▶ [Exercise directions] Pictures excluded, return every entry exactly, please.

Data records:
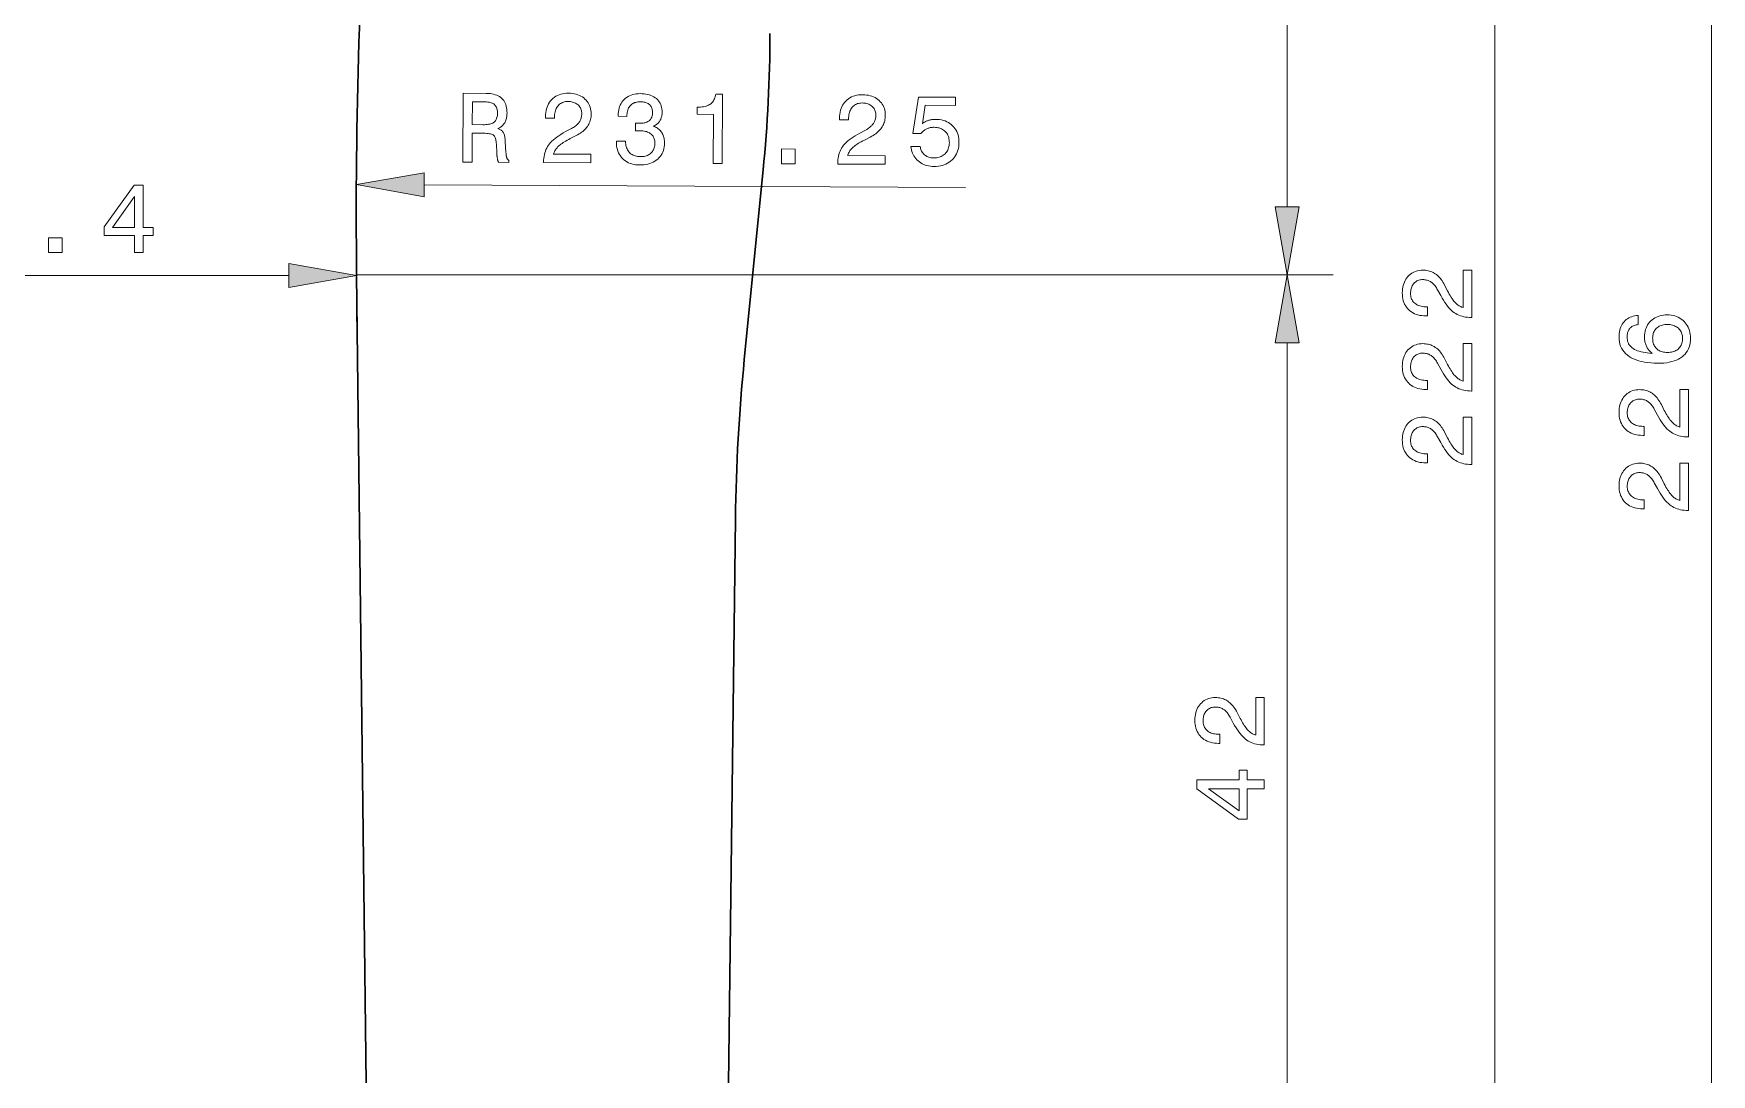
# Model space of a CAD drawing. Extents: x 0 to 297, y 0 to 529.
# Drawn here: x 156.5 to 229.4, y 220.4 to 265.7 of the extents above; entities that cross this region are included whole.
import ezdxf

# ---------------------------------------------------------------- set-up
doc = ezdxf.new("R2010")
doc.units = 0

msp = doc.modelspace()

# ---------------------------------------------------------------- linework, layer by layer
at = {"color": 7, "lineweight": 13}
for p, q in [((220.009, 143.185), (220.009, 359.276)), ((229.435, 139.185), (229.435, 359.276)), ((210.987, 258.185), (210.987, 279.276)), ((173.452, 259.145), (196.986, 259.025)), ((140.066, 255.205), (167.557, 255.205)), ((170.511, 255.23), (212.987, 255.23)), ((170.511, 255.23), (212.987, 255.23)), ((210.987, 216.185), (210.987, 252.276))]:
    msp.add_line(p, q, dxfattribs=at)
at = {"color": 7, "lineweight": 30, "ltscale": 0.207336}
msp.add_line((187.372, 251.545), (188.192, 259.797), dxfattribs=at)
at = {"color": 7, "lineweight": 13, "ltscale": 0.05064}
msp.add_line((170.511, 255.23), (170.511, 253.205), dxfattribs=at)
at = {"color": 7, "lineweight": 30}
for p, q in [((170.511, 255.23), (171.011, 213.23)), ((185.889, 156.504), (186.986, 244.63))]:
    msp.add_line(p, q, dxfattribs=at)
at = {"color": 7, "lineweight": 13}
for points in [[(175.133, 260.136), (175.148, 263.132), (176.149, 263.127), (176.236, 263.124), (176.318, 263.117), (176.396, 263.106), (176.47, 263.09), (176.539, 263.07), (176.604, 263.046), (176.665, 263.017), (176.722, 262.984), (176.775, 262.947), (176.823, 262.905), (176.867, 262.859), (176.906, 262.81), (176.94, 262.756), (176.97, 262.698), (176.995, 262.636), (177.016, 262.571), (177.032, 262.501), (177.043, 262.428), (177.05, 262.35), (177.051, 262.269), (177.05, 262.22), (177.047, 262.173), (177.042, 262.127), (177.034, 262.083), (177.025, 262.041), (177.014, 262), (177.001, 261.961), (176.986, 261.923), (176.968, 261.886), (176.949, 261.852), (176.928, 261.818), (176.905, 261.787), (176.88, 261.757), (176.853, 261.728), (176.824, 261.702), (176.794, 261.676), (176.761, 261.653), (176.726, 261.631), (176.69, 261.61), (176.652, 261.592), (176.684, 261.581), (176.714, 261.569), (176.742, 261.555), (176.768, 261.541), (176.793, 261.525), (176.815, 261.509), (176.836, 261.49), (176.855, 261.471), (176.872, 261.451), (176.887, 261.429), (176.901, 261.405), (176.913, 261.378), (176.925, 261.348), (176.935, 261.314), (176.945, 261.276), (176.953, 261.236), (176.96, 261.192), (176.966, 261.144), (176.972, 261.094), (176.976, 261.04), (177.005, 260.553), (177.007, 260.522), (177.009, 260.493), (177.012, 260.465), (177.016, 260.44), (177.019, 260.416), (177.023, 260.393), (177.028, 260.372), (177.033, 260.353), (177.038, 260.336), (177.044, 260.321), (177.05, 260.306), (177.057, 260.292), (177.064, 260.279), (177.072, 260.267), (177.081, 260.256), (177.091, 260.245), (177.101, 260.234), (177.112, 260.225), (177.124, 260.216), (177.136, 260.208), (177.135, 260.126), (176.682, 260.128), (176.676, 260.139), (176.671, 260.15), (176.666, 260.162), (176.66, 260.175), (176.656, 260.189), (176.651, 260.204), (176.646, 260.22), (176.642, 260.237), (176.638, 260.255), (176.634, 260.274), (176.631, 260.294), (176.627, 260.316), (176.624, 260.338), (176.621, 260.363), (176.618, 260.388), (176.615, 260.415), (176.613, 260.443), (176.61, 260.473), (176.608, 260.503), (176.606, 260.536), (176.587, 260.924), (176.583, 260.98), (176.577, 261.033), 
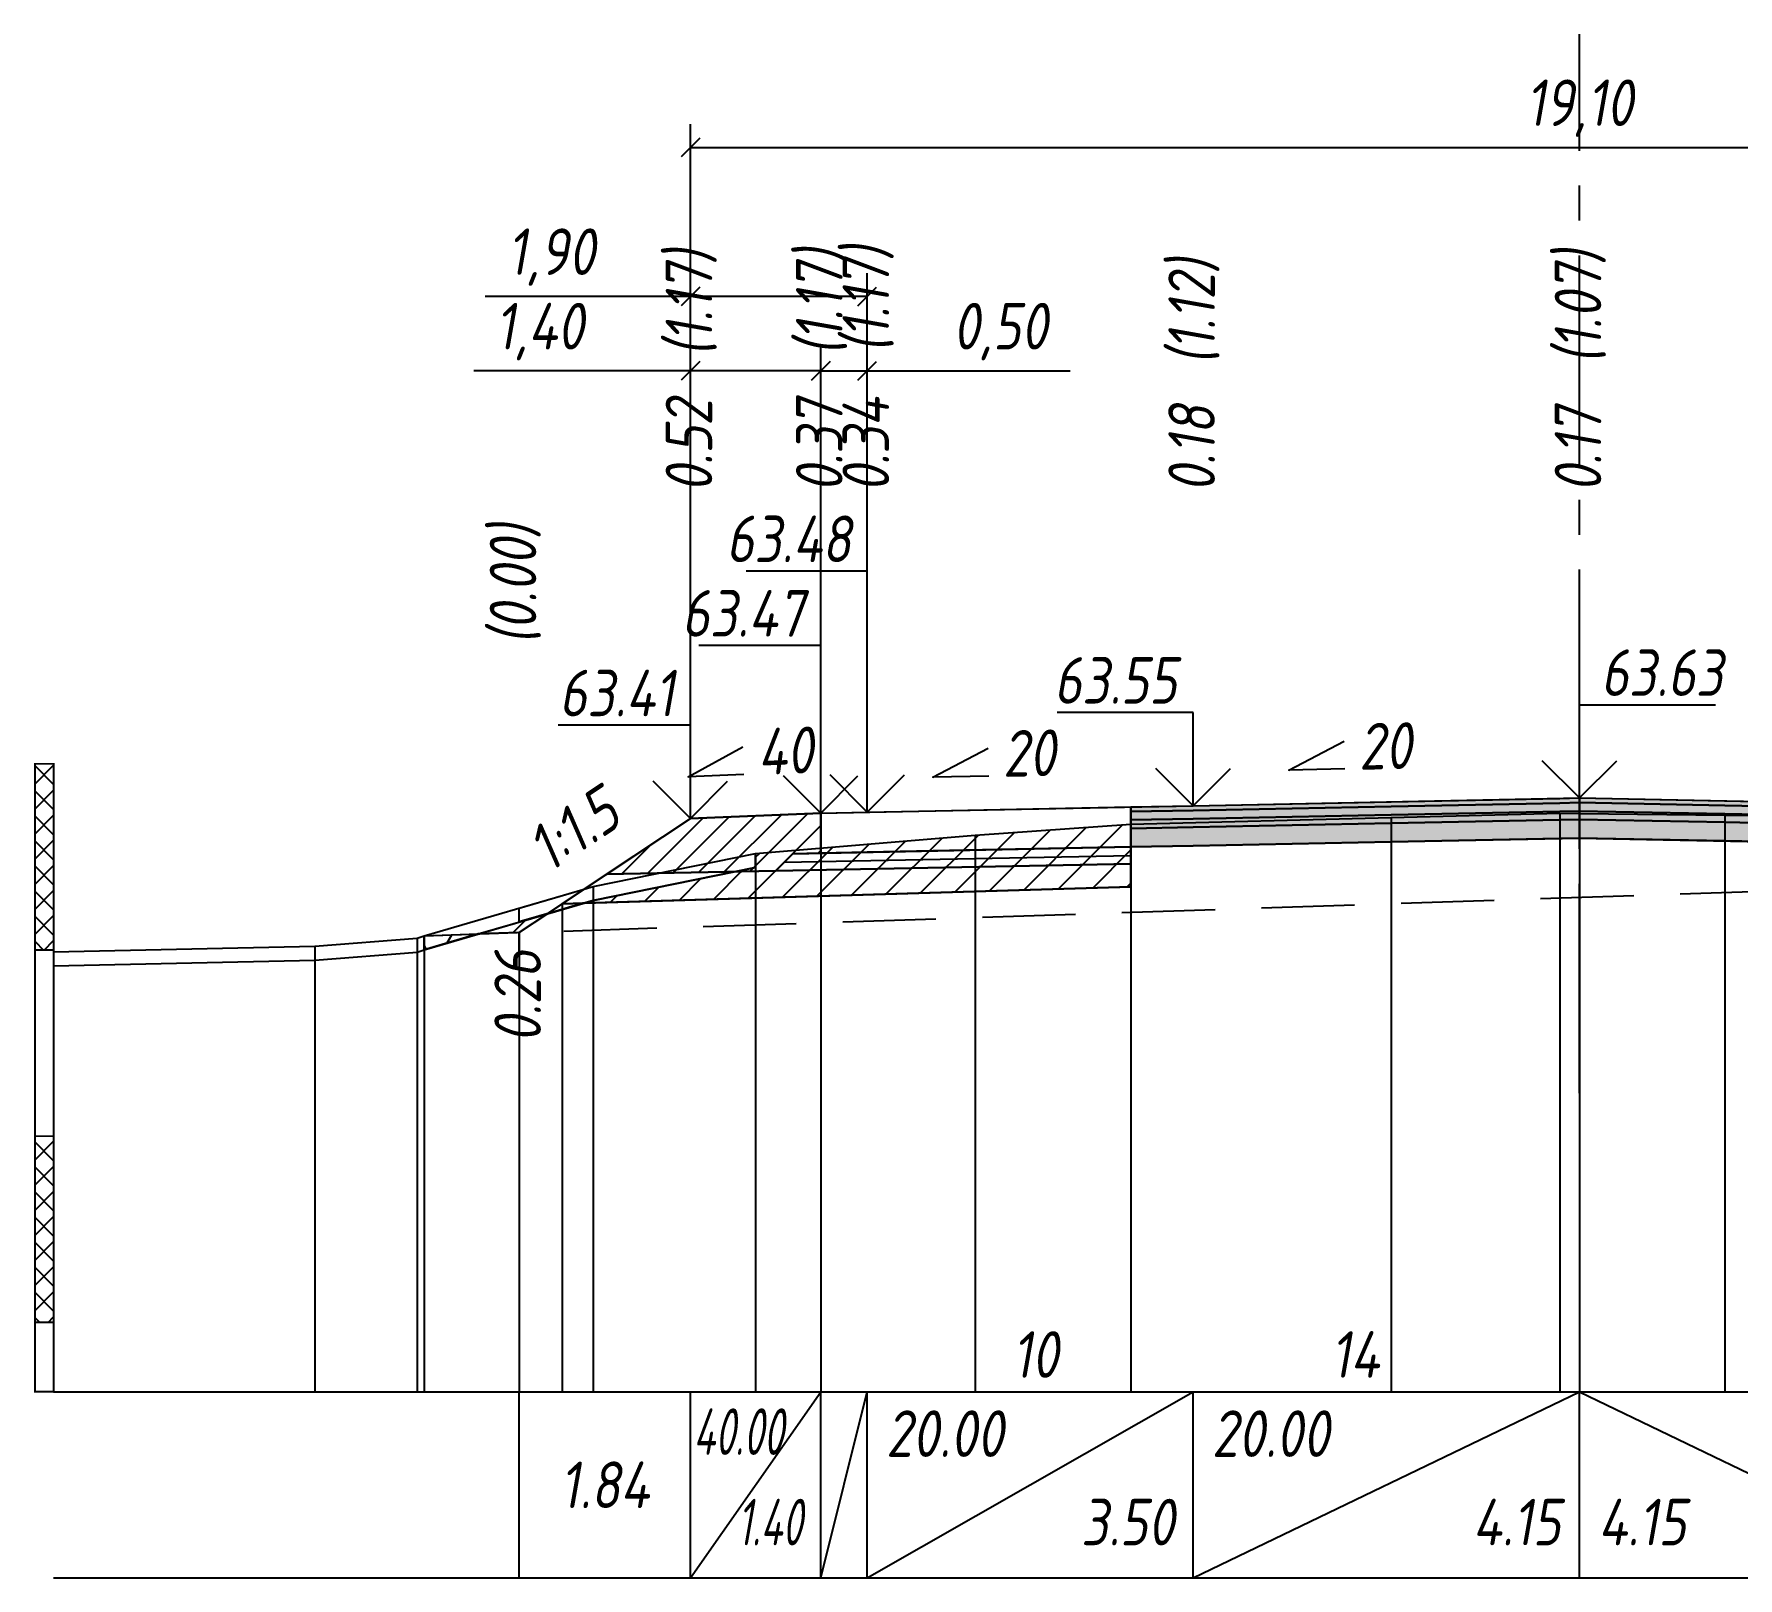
# Model space of a CAD drawing. Extents: x -717 to 1451, y -133302 to 233.
# Drawn here: x 78.9 to 170.5, y -45406 to -45323.1 of the extents above; entities that cross this region are included whole.
import ezdxf
from ezdxf.enums import TextEntityAlignment as Align

# ---------------------------------------------------------------- set-up
doc = ezdxf.new("R2010")
doc.units = 0
doc.linetypes.add('осевая2', pattern=[1.125, 0.75, -0.125, 0.125, -0.125])
doc.linetypes.add('штриховая', pattern=[0.75, 0.5, -0.25])
for name, color, linetype in [('Интерполированный поперечник', 2, 'Continuous'), ('Код_514', 1, 'Continuous'), ('Контур_0', 7, 'Continuous'), ('Контур_2521', 7, 'Continuous'), ('Контур_2564', 7, 'Continuous'), ('Контур_2660', 7, 'Continuous'), ('Контур_2665', 7, 'Continuous'), ('Контур_400', 7, 'Continuous'), ('Контур_508', 7, 'Continuous'), ('Контур_512', 7, 'Continuous'), ('Контур_513', 7, 'Continuous'), ('Контур_818', 7, 'Continuous'), ('Красный поперечник', 1, 'Continuous'), ('Линейка абсолютных высот', 7, 'Continuous'), ('Объём_2501', 7, 'Continuous'), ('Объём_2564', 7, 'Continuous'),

▶ [Response to this task]
# Model space of a CAD drawing. Extents: x 0 to 297, y 0 to 529.
# Drawn here: x 156.5 to 229.4, y 220.4 to 265.7 of the extents above; entities that cross this region are included whole.
import ezdxf

# ---------------------------------------------------------------- set-up
doc = ezdxf.new("R2010")
doc.units = 0

msp = doc.modelspace()

# ---------------------------------------------------------------- linework, layer by layer
at = {"color": 7, "lineweight": 13}
for p, q in [((220.009, 143.185), (220.009, 359.276)), ((229.435, 139.185), (229.435, 359.276)), ((210.987, 258.185), (210.987, 279.276)), ((173.452, 259.145), (196.986, 259.025)), ((140.066, 255.205), (167.557, 255.205)), ((170.511, 255.23), (212.987, 255.23)), ((170.511, 255.23), (212.987, 255.23)), ((210.987, 216.185), (210.987, 252.276))]:
    msp.add_line(p, q, dxfattribs=at)
at = {"color": 7, "lineweight": 30, "ltscale": 0.207336}
msp.add_line((187.372, 251.545), (188.192, 259.797), dxfattribs=at)
at = {"color": 7, "lineweight": 13, "ltscale": 0.05064}
msp.add_line((170.511, 255.23), (170.511, 253.205), dxfattribs=at)
at = {"color": 7, "lineweight": 30}
for p, q in [((170.511, 255.23), (171.011, 213.23)), ((185.889, 156.504), (186.986, 244.63))]:
    msp.add_line(p, q, dxfattribs=at)
at = {"color": 7, "lineweight": 13}
for points in [[(175.133, 260.136), (175.148, 263.132), (176.149, 263.127), (176.236, 263.124), (176.318, 263.117), (176.396, 263.106), (176.47, 263.09), (176.539, 263.07), (176.604, 263.046), (176.665, 263.017), (176.722, 262.984), (176.775, 262.947), (176.823, 262.905), (176.867, 262.859), (176.906, 262.81), (176.94, 262.756), (176.97, 262.698), (176.995, 262.636), (177.016, 262.571), (177.032, 262.501), (177.043, 262.428), (177.05, 262.35), (177.051, 262.269), (177.05, 262.22), (177.047, 262.173), (177.042, 262.127), (177.034, 262.083), (177.025, 262.041), (177.014, 262), (177.001, 261.961), (176.986, 261.923), (176.968, 261.886), (176.949, 261.852), (176.928, 261.818), (176.905, 261.787), (176.88, 261.757), (176.853, 261.728), (176.824, 261.702), (176.794, 261.676), (176.761, 261.653), (176.726, 261.631), (176.69, 261.61), (176.652, 261.592), (176.684, 261.581), (176.714, 261.569), (176.742, 261.555), (176.768, 261.541), (176.793, 261.525), (176.815, 261.509), (176.836, 261.49), (176.855, 261.471), (176.872, 261.451), (176.887, 261.429), (176.901, 261.405), (176.913, 261.378), (176.925, 261.348), (176.935, 261.314), (176.945, 261.276), (176.953, 261.236), (176.96, 261.192), (176.966, 261.144), (176.972, 261.094), (176.976, 261.04), (177.005, 260.553), (177.007, 260.522), (177.009, 260.493), (177.012, 260.465), (177.016, 260.44), (177.019, 260.416), (177.023, 260.393), (177.028, 260.372), (177.033, 260.353), (177.038, 260.336), (177.044, 260.321), (177.05, 260.306), (177.057, 260.292), (177.064, 260.279), (177.072, 260.267), (177.081, 260.256), (177.091, 260.245), (177.101, 260.234), (177.112, 260.225), (177.124, 260.216), (177.136, 260.208), (177.135, 260.126), (176.682, 260.128), (176.676, 260.139), (176.671, 260.15), (176.666, 260.162), (176.66, 260.175), (176.656, 260.189), (176.651, 260.204), (176.646, 260.22), (176.642, 260.237), (176.638, 260.255), (176.634, 260.274), (176.631, 260.294), (176.627, 260.316), (176.624, 260.338), (176.621, 260.363), (176.618, 260.388), (176.615, 260.415), (176.613, 260.443), (176.61, 260.473), (176.608, 260.503), (176.606, 260.536), (176.587, 260.924), (176.583, 260.98), (176.577, 261.033), 
# Model space of a CAD drawing. Extents: x -717 to 1451, y -133302 to 233.
# Drawn here: x 78.9 to 170.5, y -45406 to -45323.1 of the extents above; entities that cross this region are included whole.
import ezdxf
from ezdxf.enums import TextEntityAlignment as Align

# ---------------------------------------------------------------- set-up
doc = ezdxf.new("R2010")
doc.units = 0
doc.linetypes.add('осевая2', pattern=[1.125, 0.75, -0.125, 0.125, -0.125])
doc.linetypes.add('штриховая', pattern=[0.75, 0.5, -0.25])
for name, color, linetype in [('Интерполированный поперечник', 2, 'Continuous'), ('Код_514', 1, 'Continuous'), ('Контур_0', 7, 'Continuous'), ('Контур_2521', 7, 'Continuous'), ('Контур_2564', 7, 'Continuous'), ('Контур_2660', 7, 'Continuous'), ('Контур_2665', 7, 'Continuous'), ('Контур_400', 7, 'Continuous'), ('Контур_508', 7, 'Continuous'), ('Контур_512', 7, 'Continuous'), ('Контур_513', 7, 'Continuous'), ('Контур_818', 7, 'Continuous'), ('Красный поперечник', 1, 'Continuous'), ('Линейка абсолютных высот', 7, 'Continuous'), ('Объём_2501', 7, 'Continuous'), ('Объём_2564', 7, 'Continuous'),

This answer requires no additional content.